On this day in 1906, Nikos Hadjikyriakos-Ghikas (Nikos Ghika), the Greek artist, writer, and academic, was born in Athens. During Ghikas’ teen years, his family began recognizing the potential of his talents and arranged for him to study painting with the artist Parthenis. In 1923, he went to Paris to study French literature and aesthetics at the Sorbonne. He also studied ancient and Byzantine art as well as folk art – partially due to this adoration for the Greek landscape. Less than four years after arriving in Paris, he had his first exhibition at the Gallerie Percier. It has been said that Picasso himself noticed and commented on the works of the young Greek artist.
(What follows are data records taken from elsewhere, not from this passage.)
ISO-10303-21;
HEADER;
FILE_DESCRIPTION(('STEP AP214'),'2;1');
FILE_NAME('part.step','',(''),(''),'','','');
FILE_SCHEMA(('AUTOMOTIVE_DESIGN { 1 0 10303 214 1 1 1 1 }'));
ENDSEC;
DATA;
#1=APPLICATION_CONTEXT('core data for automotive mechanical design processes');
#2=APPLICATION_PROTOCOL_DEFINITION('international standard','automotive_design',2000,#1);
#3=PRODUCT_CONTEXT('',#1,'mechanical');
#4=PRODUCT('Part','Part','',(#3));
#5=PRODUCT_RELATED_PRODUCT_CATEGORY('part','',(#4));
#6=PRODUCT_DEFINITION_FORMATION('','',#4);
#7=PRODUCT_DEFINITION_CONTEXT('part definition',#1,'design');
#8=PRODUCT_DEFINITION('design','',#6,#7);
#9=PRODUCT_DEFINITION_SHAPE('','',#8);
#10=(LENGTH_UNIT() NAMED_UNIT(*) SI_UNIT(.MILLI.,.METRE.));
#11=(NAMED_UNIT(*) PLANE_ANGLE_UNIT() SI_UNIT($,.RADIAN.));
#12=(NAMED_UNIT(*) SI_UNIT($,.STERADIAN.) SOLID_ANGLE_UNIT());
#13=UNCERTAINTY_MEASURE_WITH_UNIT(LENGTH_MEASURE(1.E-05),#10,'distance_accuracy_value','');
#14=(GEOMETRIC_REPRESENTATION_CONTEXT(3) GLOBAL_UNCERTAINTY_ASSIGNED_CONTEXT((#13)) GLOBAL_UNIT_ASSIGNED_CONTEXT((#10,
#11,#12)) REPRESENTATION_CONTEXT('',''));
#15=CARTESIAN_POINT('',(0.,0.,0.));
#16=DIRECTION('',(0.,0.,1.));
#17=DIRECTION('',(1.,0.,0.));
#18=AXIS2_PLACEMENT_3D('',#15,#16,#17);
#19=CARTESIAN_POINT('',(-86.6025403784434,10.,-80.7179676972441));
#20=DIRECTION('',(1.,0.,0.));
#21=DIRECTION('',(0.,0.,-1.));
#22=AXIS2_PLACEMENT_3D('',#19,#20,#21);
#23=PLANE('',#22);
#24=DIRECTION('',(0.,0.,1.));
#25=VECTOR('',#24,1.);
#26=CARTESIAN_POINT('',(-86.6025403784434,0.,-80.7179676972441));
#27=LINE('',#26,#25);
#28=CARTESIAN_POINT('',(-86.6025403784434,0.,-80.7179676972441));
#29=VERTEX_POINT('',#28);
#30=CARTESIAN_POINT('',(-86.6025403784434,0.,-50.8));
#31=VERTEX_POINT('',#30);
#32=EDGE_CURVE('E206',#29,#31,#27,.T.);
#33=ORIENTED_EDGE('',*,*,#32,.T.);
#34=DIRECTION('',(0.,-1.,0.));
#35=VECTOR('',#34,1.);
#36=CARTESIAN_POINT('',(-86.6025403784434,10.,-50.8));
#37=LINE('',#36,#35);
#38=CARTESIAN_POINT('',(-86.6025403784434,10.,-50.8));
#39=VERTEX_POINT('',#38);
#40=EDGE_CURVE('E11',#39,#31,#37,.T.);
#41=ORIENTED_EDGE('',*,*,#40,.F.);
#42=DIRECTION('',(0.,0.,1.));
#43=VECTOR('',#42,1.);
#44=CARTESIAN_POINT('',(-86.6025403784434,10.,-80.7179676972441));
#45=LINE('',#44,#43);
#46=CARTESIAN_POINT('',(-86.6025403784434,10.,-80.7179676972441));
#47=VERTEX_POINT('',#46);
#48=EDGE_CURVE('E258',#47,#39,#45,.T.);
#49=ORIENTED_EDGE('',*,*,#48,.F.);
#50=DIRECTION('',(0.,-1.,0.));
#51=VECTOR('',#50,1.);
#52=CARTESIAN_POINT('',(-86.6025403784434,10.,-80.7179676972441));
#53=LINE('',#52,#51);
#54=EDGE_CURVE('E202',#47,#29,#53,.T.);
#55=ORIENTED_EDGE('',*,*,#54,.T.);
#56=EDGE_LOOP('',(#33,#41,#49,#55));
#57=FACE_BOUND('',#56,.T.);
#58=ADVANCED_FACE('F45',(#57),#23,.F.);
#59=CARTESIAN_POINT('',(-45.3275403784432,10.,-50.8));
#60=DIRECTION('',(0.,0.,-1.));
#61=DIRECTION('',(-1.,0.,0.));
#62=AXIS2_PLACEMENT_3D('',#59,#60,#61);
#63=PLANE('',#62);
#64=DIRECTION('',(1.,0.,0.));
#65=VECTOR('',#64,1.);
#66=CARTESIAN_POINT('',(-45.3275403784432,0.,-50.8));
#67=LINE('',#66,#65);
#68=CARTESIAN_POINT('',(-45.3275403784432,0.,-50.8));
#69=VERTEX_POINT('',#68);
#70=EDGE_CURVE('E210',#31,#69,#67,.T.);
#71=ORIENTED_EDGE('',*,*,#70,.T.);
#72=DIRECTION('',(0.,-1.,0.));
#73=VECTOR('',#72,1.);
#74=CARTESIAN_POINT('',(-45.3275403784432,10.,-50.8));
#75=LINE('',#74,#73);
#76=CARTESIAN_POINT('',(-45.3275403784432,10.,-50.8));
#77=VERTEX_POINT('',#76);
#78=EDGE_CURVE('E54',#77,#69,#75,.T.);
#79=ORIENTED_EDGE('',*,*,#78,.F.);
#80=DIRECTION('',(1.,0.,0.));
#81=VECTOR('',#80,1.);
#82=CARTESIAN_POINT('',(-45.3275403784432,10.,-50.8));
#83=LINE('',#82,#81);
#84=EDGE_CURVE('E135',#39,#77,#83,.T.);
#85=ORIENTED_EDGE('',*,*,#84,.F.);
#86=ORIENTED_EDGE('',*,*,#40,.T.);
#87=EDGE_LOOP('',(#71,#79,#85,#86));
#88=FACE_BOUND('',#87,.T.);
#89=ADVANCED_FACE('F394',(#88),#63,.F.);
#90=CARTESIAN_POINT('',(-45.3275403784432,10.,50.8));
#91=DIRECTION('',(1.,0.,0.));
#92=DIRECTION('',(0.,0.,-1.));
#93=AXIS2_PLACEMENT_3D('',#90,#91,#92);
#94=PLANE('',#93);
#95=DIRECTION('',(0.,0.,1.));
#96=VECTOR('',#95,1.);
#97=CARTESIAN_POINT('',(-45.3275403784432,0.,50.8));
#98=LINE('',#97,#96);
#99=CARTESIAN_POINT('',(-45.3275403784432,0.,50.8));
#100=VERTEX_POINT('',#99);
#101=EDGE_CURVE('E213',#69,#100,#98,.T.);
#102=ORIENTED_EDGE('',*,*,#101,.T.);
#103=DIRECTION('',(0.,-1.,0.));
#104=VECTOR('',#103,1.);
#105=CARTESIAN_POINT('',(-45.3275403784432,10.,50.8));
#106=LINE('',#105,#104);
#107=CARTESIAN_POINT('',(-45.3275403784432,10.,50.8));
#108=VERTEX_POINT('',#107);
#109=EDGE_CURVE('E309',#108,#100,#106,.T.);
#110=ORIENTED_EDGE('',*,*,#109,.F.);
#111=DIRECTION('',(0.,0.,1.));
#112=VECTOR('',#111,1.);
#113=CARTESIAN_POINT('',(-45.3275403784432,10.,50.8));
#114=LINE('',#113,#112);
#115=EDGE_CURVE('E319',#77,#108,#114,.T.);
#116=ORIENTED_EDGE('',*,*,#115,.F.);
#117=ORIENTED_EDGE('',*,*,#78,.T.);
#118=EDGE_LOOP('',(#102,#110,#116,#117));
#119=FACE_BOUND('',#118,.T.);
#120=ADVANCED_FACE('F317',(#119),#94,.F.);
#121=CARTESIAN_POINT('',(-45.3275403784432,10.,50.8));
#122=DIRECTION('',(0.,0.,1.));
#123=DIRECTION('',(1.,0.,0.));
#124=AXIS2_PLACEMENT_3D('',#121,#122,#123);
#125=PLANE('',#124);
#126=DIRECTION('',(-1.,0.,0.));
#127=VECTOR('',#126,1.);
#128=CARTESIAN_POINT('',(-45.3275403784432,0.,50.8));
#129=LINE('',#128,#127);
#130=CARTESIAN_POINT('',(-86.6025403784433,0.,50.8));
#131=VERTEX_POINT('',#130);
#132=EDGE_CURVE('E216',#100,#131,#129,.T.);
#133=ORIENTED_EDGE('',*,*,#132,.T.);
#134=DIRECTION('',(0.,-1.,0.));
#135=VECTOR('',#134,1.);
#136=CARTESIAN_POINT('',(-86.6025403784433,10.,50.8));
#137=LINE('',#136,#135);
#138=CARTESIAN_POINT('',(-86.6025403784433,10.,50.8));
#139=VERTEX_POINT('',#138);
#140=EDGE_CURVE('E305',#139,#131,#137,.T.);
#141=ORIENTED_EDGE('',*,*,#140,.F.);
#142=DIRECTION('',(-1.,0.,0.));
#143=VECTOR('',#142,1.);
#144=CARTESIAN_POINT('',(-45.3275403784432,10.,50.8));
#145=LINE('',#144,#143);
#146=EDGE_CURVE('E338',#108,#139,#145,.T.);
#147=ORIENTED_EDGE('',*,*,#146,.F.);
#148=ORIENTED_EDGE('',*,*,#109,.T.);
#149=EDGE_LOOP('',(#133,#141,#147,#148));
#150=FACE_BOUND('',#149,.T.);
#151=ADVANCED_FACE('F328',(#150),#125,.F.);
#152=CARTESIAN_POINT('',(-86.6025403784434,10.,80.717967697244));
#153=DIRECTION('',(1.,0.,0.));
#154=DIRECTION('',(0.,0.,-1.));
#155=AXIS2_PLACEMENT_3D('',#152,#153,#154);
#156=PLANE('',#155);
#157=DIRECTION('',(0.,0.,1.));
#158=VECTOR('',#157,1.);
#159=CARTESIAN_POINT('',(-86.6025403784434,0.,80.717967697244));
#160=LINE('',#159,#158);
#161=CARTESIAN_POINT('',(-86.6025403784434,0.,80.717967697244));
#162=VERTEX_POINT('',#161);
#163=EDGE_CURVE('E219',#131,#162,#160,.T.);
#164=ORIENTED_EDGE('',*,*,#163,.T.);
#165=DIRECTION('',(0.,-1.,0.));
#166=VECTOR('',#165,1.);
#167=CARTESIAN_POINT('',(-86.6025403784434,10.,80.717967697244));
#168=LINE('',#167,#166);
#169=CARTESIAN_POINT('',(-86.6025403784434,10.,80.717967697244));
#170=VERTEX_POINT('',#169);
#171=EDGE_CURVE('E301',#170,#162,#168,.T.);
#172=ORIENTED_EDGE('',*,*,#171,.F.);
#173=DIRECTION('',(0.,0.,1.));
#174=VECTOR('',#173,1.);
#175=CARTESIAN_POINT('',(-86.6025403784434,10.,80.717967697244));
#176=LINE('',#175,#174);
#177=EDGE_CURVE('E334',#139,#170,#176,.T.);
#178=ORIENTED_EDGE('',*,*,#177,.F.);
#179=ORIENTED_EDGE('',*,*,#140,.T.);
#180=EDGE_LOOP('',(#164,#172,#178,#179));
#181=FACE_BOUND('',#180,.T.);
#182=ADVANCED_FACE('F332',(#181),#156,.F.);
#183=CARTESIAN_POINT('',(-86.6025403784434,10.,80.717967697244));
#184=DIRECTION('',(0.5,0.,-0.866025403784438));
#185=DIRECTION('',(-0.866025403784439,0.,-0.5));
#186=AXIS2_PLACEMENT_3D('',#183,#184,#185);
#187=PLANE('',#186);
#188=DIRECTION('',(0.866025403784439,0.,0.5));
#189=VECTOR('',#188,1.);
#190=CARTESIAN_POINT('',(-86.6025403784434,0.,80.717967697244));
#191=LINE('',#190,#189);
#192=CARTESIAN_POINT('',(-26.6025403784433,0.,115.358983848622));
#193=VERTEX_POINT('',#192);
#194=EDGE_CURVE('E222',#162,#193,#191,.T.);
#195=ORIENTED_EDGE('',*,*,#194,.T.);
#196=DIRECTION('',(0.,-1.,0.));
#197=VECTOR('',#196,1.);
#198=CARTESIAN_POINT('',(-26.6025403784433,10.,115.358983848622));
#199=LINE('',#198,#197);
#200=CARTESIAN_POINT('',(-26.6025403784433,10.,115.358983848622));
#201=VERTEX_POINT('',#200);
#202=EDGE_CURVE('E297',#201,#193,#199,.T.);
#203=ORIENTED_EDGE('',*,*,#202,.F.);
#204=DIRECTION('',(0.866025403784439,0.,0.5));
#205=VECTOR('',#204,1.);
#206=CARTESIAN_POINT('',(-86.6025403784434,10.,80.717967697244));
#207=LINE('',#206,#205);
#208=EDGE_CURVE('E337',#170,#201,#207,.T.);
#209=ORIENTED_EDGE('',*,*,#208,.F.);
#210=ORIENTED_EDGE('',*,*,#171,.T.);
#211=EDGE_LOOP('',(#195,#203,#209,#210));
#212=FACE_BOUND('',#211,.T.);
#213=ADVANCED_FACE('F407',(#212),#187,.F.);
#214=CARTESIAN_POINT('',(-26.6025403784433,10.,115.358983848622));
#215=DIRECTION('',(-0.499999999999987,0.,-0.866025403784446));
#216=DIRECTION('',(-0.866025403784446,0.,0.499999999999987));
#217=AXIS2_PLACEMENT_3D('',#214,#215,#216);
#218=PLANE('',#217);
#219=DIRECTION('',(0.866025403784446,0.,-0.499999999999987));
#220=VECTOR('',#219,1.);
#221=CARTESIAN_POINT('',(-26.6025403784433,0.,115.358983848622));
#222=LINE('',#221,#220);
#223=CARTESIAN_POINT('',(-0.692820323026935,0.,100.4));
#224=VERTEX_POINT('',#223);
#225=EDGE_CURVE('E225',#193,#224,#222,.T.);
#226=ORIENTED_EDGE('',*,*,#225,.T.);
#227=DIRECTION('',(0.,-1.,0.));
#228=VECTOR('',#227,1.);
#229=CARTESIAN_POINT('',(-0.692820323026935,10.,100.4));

He gained recognition as the leading Greek cubist. Ghika was a founding member of the Association of Greek Art Critics, AICA-Hellas, and the International Association of Art Critics. Today, Ghikas is celebrated as one of the most important modern Greek painters. His house has been converted into a museum and is being run by the Benaki Museum. In 2018, the British Museum hosted an exhibition which focused on the friendship of Ghika with artist John Craxton and the writer Patrick Leigh Fermor. It is said that their shared love of Greece was fundamental to their work. His works are featured in the National Gallery of Greece, Musee d’Art Moderne de la Ville de Paris, the Tate Gallery in London, and the Metropolitan Museum of Art in New York.

February 28th:

On this day in 2013, Nicos Anastasiades was sworn in as the 7th President of the Republic of Cyprus. Anastasiades is a native of the village of Pera Pedi near Limassol.  He studied law at the National and Kapodistrian University of Athens. He then studied maritime law at the University of London, and afterwards returned to Cyprus where he opened a law firm specializing in commercial law in 1972. In 1976, he entered politics as a founding member of Democratic Rally, a Christian democratic party, and served as the secretary of the party’s youth wing in the Limassol district. About five years later Anastasiades was elected to the first of his six terms in the Cypriot House of Representatives (he served for more than three decades in the Cypriot Parliament). Advancing through the ranks of the Democratic Rally, he became the party’s president in 1997. In March 2012, Anastasiades was nominated as a candidate for the 2013 presidential election against his political rival, Eleni Theocharous. He received the nomination and went on to beat Stavros Malas in the second round of the presidential election by receiving almost 58% of the vote.

March 2nd:

On this day in 1928, John Savvas Romanides, the Orthodox Christian priest, author, and professor, was born in Piraeus, Greece. His parents emigrated to the United States when he was only two months old. He grew up in Manhattan and graduated from Hellenic College in Brookline, MA. He then studied at Yale University Divinity School while he served at Holy Trinity Church in Waterbury, CT. He went on to receive his PhD from the University of Athens. For nearly 10 years, Romanides was Professor of Dogmatic Theology at the Holy Cross School of Theology in Brookline while he continued his studies and research at the Harvard Divinity School. In 1959, he was appointed priest of the Church of St. Athanasios the Great in Arlington, MA, which he helped found and organize. Several years later, he resigned from Holy Cross in protest over the removal of Father Georges Florovsky from the faculty by Archbishop Iakovos. In 1968, he was appointed as tenured Professor of Dogmatic Theology at the University of Thessaloniki, a position he held until his retirement in 1982. He represented the Church of Greece as a member of the Central Committee of the World Council of Churches and in the dialogues with the Lutherans, and with the Oriental Orthodox. Romanides passed away on November 1, 2001.